-- THE INPUT follows --

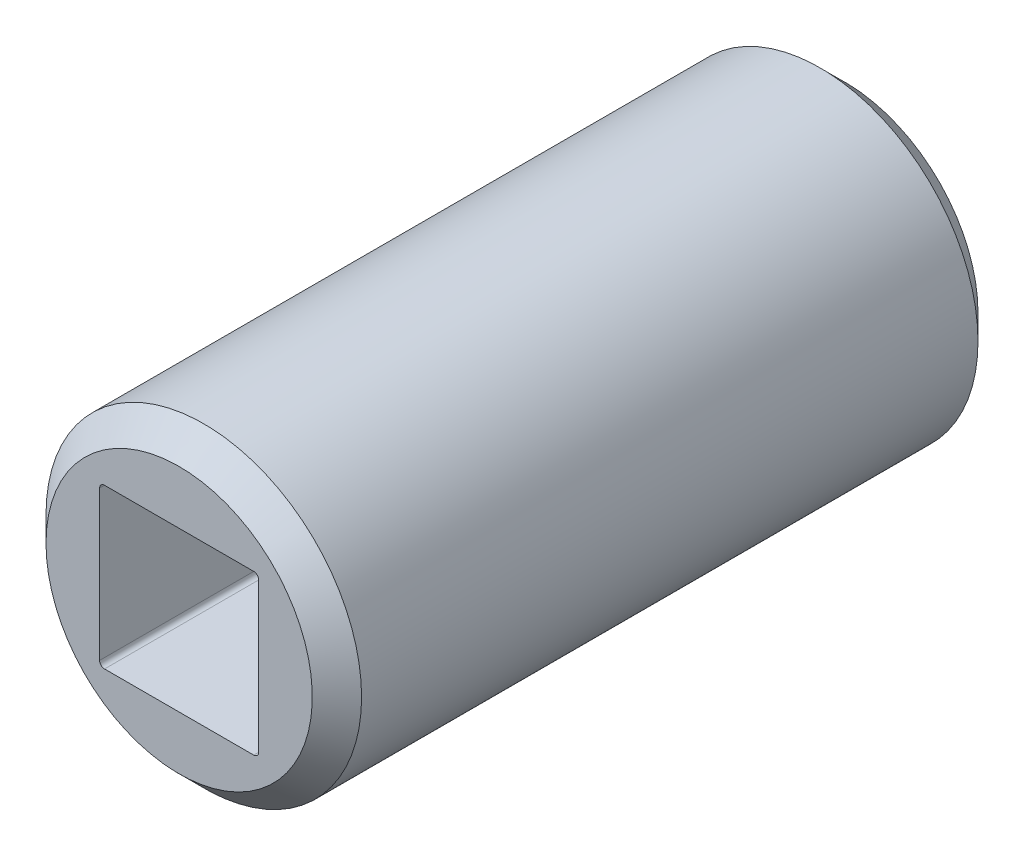
ISO-10303-21;
HEADER;
FILE_DESCRIPTION(('STEP AP214'),'2;1');
FILE_NAME('part.step','',(''),(''),'','','');
FILE_SCHEMA(('AUTOMOTIVE_DESIGN { 1 0 10303 214 1 1 1 1 }'));
ENDSEC;
DATA;
#1=APPLICATION_CONTEXT('core data for automotive mechanical design processes');
#2=APPLICATION_PROTOCOL_DEFINITION('international standard','automotive_design',2000,#1);
#3=PRODUCT_CONTEXT('',#1,'mechanical');
#4=PRODUCT('Part','Part','',(#3));
#5=PRODUCT_RELATED_PRODUCT_CATEGORY('part','',(#4));
#6=PRODUCT_DEFINITION_FORMATION('','',#4);
#7=PRODUCT_DEFINITION_CONTEXT('part definition',#1,'design');
#8=PRODUCT_DEFINITION('design','',#6,#7);
#9=PRODUCT_DEFINITION_SHAPE('','',#8);
#10=(LENGTH_UNIT() NAMED_UNIT(*) SI_UNIT(.MILLI.,.METRE.));
#11=(NAMED_UNIT(*) PLANE_ANGLE_UNIT() SI_UNIT($,.RADIAN.));
#12=(NAMED_UNIT(*) SI_UNIT($,.STERADIAN.) SOLID_ANGLE_UNIT());
#13=UNCERTAINTY_MEASURE_WITH_UNIT(LENGTH_MEASURE(1.E-05),#10,'distance_accuracy_value','');
#14=(GEOMETRIC_REPRESENTATION_CONTEXT(3) GLOBAL_UNCERTAINTY_ASSIGNED_CONTEXT((#13)) GLOBAL_UNIT_ASSIGNED_CONTEXT((#10,
#11,#12)) REPRESENTATION_CONTEXT('',''));
#15=CARTESIAN_POINT('',(0.,0.,0.));
#16=DIRECTION('',(0.,0.,1.));
#17=DIRECTION('',(1.,0.,0.));
#18=AXIS2_PLACEMENT_3D('',#15,#16,#17);
#19=CARTESIAN_POINT('',(0.,0.,6.75));
#20=DIRECTION('',(0.,0.,-1.));
#21=DIRECTION('',(-1.,0.,0.));
#22=AXIS2_PLACEMENT_3D('',#19,#20,#21);
#23=CYLINDRICAL_SURFACE('',#22,1.5875);
#24=CARTESIAN_POINT('',(0.,0.,-1.));
#25=DIRECTION('',(0.,0.,-1.));
#26=DIRECTION('',(-1.,0.,0.));
#27=AXIS2_PLACEMENT_3D('',#24,#25,#26);
#28=CIRCLE('',#27,1.5875);
#29=CARTESIAN_POINT('',(-1.5875,0.,-1.));
#30=VERTEX_POINT('',#29);
#31=EDGE_CURVE('E219',#30,#30,#28,.F.);
#32=ORIENTED_EDGE('',*,*,#31,.F.);
#33=EDGE_LOOP('',(#32));
#34=FACE_BOUND('',#33,.T.);
#35=CARTESIAN_POINT('',(0.,0.,1.));
#36=DIRECTION('',(0.,0.,-1.));
#37=DIRECTION('',(-1.,0.,0.));
#38=AXIS2_PLACEMENT_3D('',#35,#36,#37);
#39=CIRCLE('',#38,1.5875);
#40=CARTESIAN_POINT('',(-1.5875,0.,1.));
#41=VERTEX_POINT('',#40);
#42=EDGE_CURVE('E237',#41,#41,#39,.T.);
#43=ORIENTED_EDGE('',*,*,#42,.F.);
#44=EDGE_LOOP('',(#43));
#45=FACE_BOUND('',#44,.T.);
#46=ADVANCED_FACE('F17',(#34,#45),#23,.F.);
#47=CARTESIAN_POINT('',(1.5129,-1.5129,-4.56197010950313));
#48=DIRECTION('',(0.,0.,-1.));
#49=DIRECTION('',(-1.,0.,0.));
#50=AXIS2_PLACEMENT_3D('',#47,#48,#49);
#51=CYLINDRICAL_SURFACE('',#50,0.1);
#52=DIRECTION('',(0.,0.,-1.));
#53=VECTOR('',#52,1.);
#54=CARTESIAN_POINT('',(1.5129,-1.6129,-4.56197010950313));
#55=LINE('',#54,#53);
#56=CARTESIAN_POINT('',(1.5129,-1.6129,1.));
#57=VERTEX_POINT('',#56);
#58=CARTESIAN_POINT('',(1.5129,-1.6129,6.75));
#59=VERTEX_POINT('',#58);
#60=EDGE_CURVE('E117',#57,#59,#55,.F.);
#61=ORIENTED_EDGE('',*,*,#60,.T.);
#62=CARTESIAN_POINT('',(1.5129,-1.5129,6.75));
#63=DIRECTION('',(0.,0.,-1.));
#64=DIRECTION('',(-1.,0.,0.));
#65=AXIS2_PLACEMENT_3D('',#62,#63,#64);
#66=CIRCLE('',#65,0.1);
#67=CARTESIAN_POINT('',(1.6129,-1.5129,6.75));
#68=VERTEX_POINT('',#67);
#69=EDGE_CURVE('E20',#68,#59,#66,.T.);
#70=ORIENTED_EDGE('',*,*,#69,.F.);
#71=DIRECTION('',(0.,0.,1.));
#72=VECTOR('',#71,1.);
#73=CARTESIAN_POINT('',(1.6129,-1.5129,-4.56197010950313));
#74=LINE('',#73,#72);
#75=CARTESIAN_POINT('',(1.6129,-1.5129,1.));
#76=VERTEX_POINT('',#75);
#77=EDGE_CURVE('E180',#68,#76,#74,.F.);
#78=ORIENTED_EDGE('',*,*,#77,.T.);
#79=CARTESIAN_POINT('',(1.5129,-1.5129,1.));
#80=DIRECTION('',(0.,0.,-1.));
#81=DIRECTION('',(-1.,0.,0.));
#82=AXIS2_PLACEMENT_3D('',#79,#80,#81);
#83=CIRCLE('',#82,0.1);
#84=EDGE_CURVE('E120',#57,#76,#83,.F.);
#85=ORIENTED_EDGE('',*,*,#84,.F.);
#86=EDGE_LOOP('',(#61,#70,#78,#85));
#87=FACE_BOUND('',#86,.T.);
#88=ADVANCED_FACE('F118',(#87),#51,.F.);
#89=CARTESIAN_POINT('',(-1.5129,-1.5129,-4.56197010950313));
#90=DIRECTION('',(0.,0.,-1.));
#91=DIRECTION('',(-1.,0.,0.));
#92=AXIS2_PLACEMENT_3D('',#89,#90,#91);
#93=CYLINDRICAL_SURFACE('',#92,0.1);
#94=DIRECTION('',(0.,0.,1.));
#95=VECTOR('',#94,1.);
#96=CARTESIAN_POINT('',(-1.6129,-1.5129,-4.56197010950313));
#97=LINE('',#96,#95);
#98=CARTESIAN_POINT('',(-1.6129,-1.5129,1.));
#99=VERTEX_POINT('',#98);
#100=CARTESIAN_POINT('',(-1.6129,-1.5129,6.75));
#101=VERTEX_POINT('',#100);
#102=EDGE_CURVE('E169',#99,#101,#97,.T.);
#103=ORIENTED_EDGE('',*,*,#102,.T.);
#104=CARTESIAN_POINT('',(-1.5129,-1.5129,6.75));
#105=DIRECTION('',(0.,0.,-1.));
#106=DIRECTION('',(-1.,0.,0.));
#107=AXIS2_PLACEMENT_3D('',#104,#105,#106);
#108=CIRCLE('',#107,0.1);
#109=CARTESIAN_POINT('',(-1.5129,-1.6129,6.75));
#110=VERTEX_POINT('',#109);
#111=EDGE_CURVE('E115',#110,#101,#108,.T.);
#112=ORIENTED_EDGE('',*,*,#111,.F.);
#113=DIRECTION('',(0.,0.,-1.));
#114=VECTOR('',#113,1.);
#115=CARTESIAN_POINT('',(-1.5129,-1.6129,-4.56197010950313));
#116=LINE('',#115,#114);
#117=CARTESIAN_POINT('',(-1.5129,-1.6129,1.));
#118=VERTEX_POINT('',#117);
#119=EDGE_CURVE('E129',#110,#118,#116,.T.);
#120=ORIENTED_EDGE('',*,*,#119,.T.);
#121=CARTESIAN_POINT('',(-1.5129,-1.5129,1.));
#122=DIRECTION('',(0.,0.,-1.));
#123=DIRECTION('',(-1.,0.,0.));
#124=AXIS2_PLACEMENT_3D('',#121,#122,#123);
#125=CIRCLE('',#124,0.1);
#126=EDGE_CURVE('E228',#99,#118,#125,.F.);
#127=ORIENTED_EDGE('',*,*,#126,.F.);
#128=EDGE_LOOP('',(#103,#112,#120,#127));
#129=FACE_BOUND('',#128,.T.);
#130=ADVANCED_FACE('F246',(#129),#93,.F.);
#131=CARTESIAN_POINT('',(-1.5129,1.5129,-4.56197010950313));
#132=DIRECTION('',(0.,0.,-1.));
#133=DIRECTION('',(-1.,0.,0.));
#134=AXIS2_PLACEMENT_3D('',#131,#132,#133);
#135=CYLINDRICAL_SURFACE('',#134,0.1);
#136=DIRECTION('',(0.,0.,1.));
#137=VECTOR('',#136,1.);
#138=CARTESIAN_POINT('',(-1.5129,1.6129,-4.56197010950313));
#139=LINE('',#138,#137);
#140=CARTESIAN_POINT('',(-1.5129,1.6129,1.));
#141=VERTEX_POINT('',#140);
#142=CARTESIAN_POINT('',(-1.5129,1.6129,6.75));
#143=VERTEX_POINT('',#142);
#144=EDGE_CURVE('E165',#141,#143,#139,.T.);
#145=ORIENTED_EDGE('',*,*,#144,.T.);
#146=CARTESIAN_POINT('',(-1.5129,1.5129,6.75));
#147=DIRECTION('',(0.,0.,-1.));
#148=DIRECTION('',(-1.,0.,0.));
#149=AXIS2_PLACEMENT_3D('',#146,#147,#148);
#150=CIRCLE('',#149,0.1);
#151=CARTESIAN_POINT('',(-1.6129,1.5129,6.75));
#152=VERTEX_POINT('',#151);
#153=EDGE_CURVE('E242',#152,#143,#150,.T.);
#154=ORIENTED_EDGE('',*,*,#153,.F.);
#155=DIRECTION('',(0.,0.,1.));
#156=VECTOR('',#155,1.);
#157=CARTESIAN_POINT('',(-1.6129,1.5129,-4.56197010950313));
#158=LINE('',#157,#156);
#159=CARTESIAN_POINT('',(-1.6129,1.5129,1.));
#160=VERTEX_POINT('',#159);
#161=EDGE_CURVE('E124',#152,#160,#158,.F.);
#162=ORIENTED_EDGE('',*,*,#161,.T.);
#163=CARTESIAN_POINT('',(-1.5129,1.5129,1.));
#164=DIRECTION('',(0.,0.,-1.));
#165=DIRECTION('',(-1.,0.,0.));
#166=AXIS2_PLACEMENT_3D('',#163,#164,#165);
#167=CIRCLE('',#166,0.1);
#168=EDGE_CURVE('E231',#141,#160,#167,.F.);
#169=ORIENTED_EDGE('',*,*,#168,.F.);
#170=EDGE_LOOP('',(#145,#154,#162,#169));
#171=FACE_BOUND('',#170,.T.);
#172=ADVANCED_FACE('F252',(#171),#135,.F.);
#173=CARTESIAN_POINT('',(1.5129,1.5129,-4.56197010950313));
#174=DIRECTION('',(0.,0.,-1.));
#175=DIRECTION('',(-1.,0.,0.));
#176=AXIS2_PLACEMENT_3D('',#173,#174,#175);
#177=CYLINDRICAL_SURFACE('',#176,0.1);
#178=DIRECTION('',(0.,0.,1.));
#179=VECTOR('',#178,1.);
#180=CARTESIAN_POINT('',(1.6129,1.5129,-4.56197010950313));
#181=LINE('',#180,#179);
#182=CARTESIAN_POINT('',(1.6129,1.5129,1.));
#183=VERTEX_POINT('',#182);
#184=CARTESIAN_POINT('',(1.6129,1.5129,6.75));
#185=VERTEX_POINT('',#184);
#186=EDGE_CURVE('E176',#183,#185,#181,.T.);
#187=ORIENTED_EDGE('',*,*,#186,.T.);
#188=CARTESIAN_POINT('',(1.5129,1.5129,6.75));
#189=DIRECTION('',(0.,0.,-1.));
#190=DIRECTION('',(-1.,0.,0.));
#191=AXIS2_PLACEMENT_3D('',#188,#189,#190);
#192=CIRCLE('',#191,0.1);
#193=CARTESIAN_POINT('',(1.5129,1.6129,6.75));
#194=VERTEX_POINT('',#193);
#195=EDGE_CURVE('E240',#194,#185,#192,.T.);
#196=ORIENTED_EDGE('',*,*,#195,.F.);
#197=DIRECTION('',(0.,0.,1.));
#198=VECTOR('',#197,1.);
#199=CARTESIAN_POINT('',(1.5129,1.6129,-4.56197010950313));
#200=LINE('',#199,#198);
#201=CARTESIAN_POINT('',(1.5129,1.6129,1.));
#202=VERTEX_POINT('',#201);
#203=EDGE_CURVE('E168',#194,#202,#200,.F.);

-- THE INPUT concluded --

WHAT IS EXPECTED> From the records, copy every line that has the string "mechanical" in it.

ANSWER SPACE>
#1=APPLICATION_CONTEXT('core data for automotive mechanical design processes');
#3=PRODUCT_CONTEXT('',#1,'mechanical');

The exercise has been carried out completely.